Your objective: Line by line, please look for the word "drawing" in the following records, then copy each line you find it in.

Input data:
↓
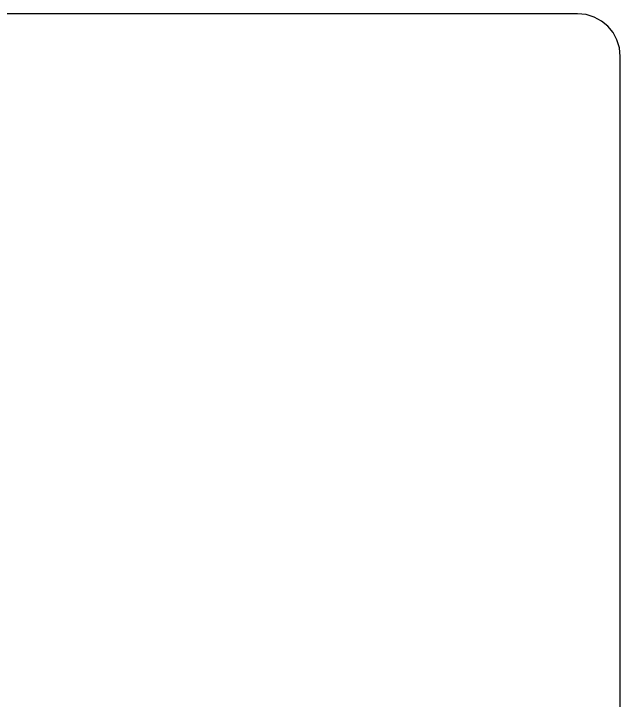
# Model space of a CAD drawing. Extents: x -1 to 447, y 185 to 440.
# Drawn here: x 376.2 to 447.3, y 359.1 to 439.5 of the extents above; entities that cross this region are included whole.
import ezdxf

# ---------------------------------------------------------------- set-up
doc = ezdxf.new("R2010")
doc.units = 0

msp = doc.modelspace()

# ---------------------------------------------------------------- linework, layer by layer
at = {"layer": 'Visible'}
for p, q in [((442.279589, 439.526629), (52.279484, 439.526629)), ((443.285004, 439.425029), (442.279589, 439.526629)), ((444.224274, 439.133458), (443.285004, 439.425029)), ((445.073585, 438.672555), (444.224274, 439.133458)), ((445.814418, 438.062162), (445.073585, 438.672555)), ((446.425604, 437.322123), (445.814418, 438.062162)), ((446.885979, 436.472812), (446.425604, 437.322123)), ((447.17702, 435.534071), (446.885979, 436.472812)), ((447.277562, 434.526539), (447.17702, 435.534071)), ((447.277562, 322.026721), (447.277562, 434.526539))]:
    msp.add_line(p, q, dxfattribs=at)

doc.saveas('drawing.dxf')
↑
Solution below:
# Model space of a CAD drawing. Extents: x -1 to 447, y 185 to 440.
doc.saveas('drawing.dxf')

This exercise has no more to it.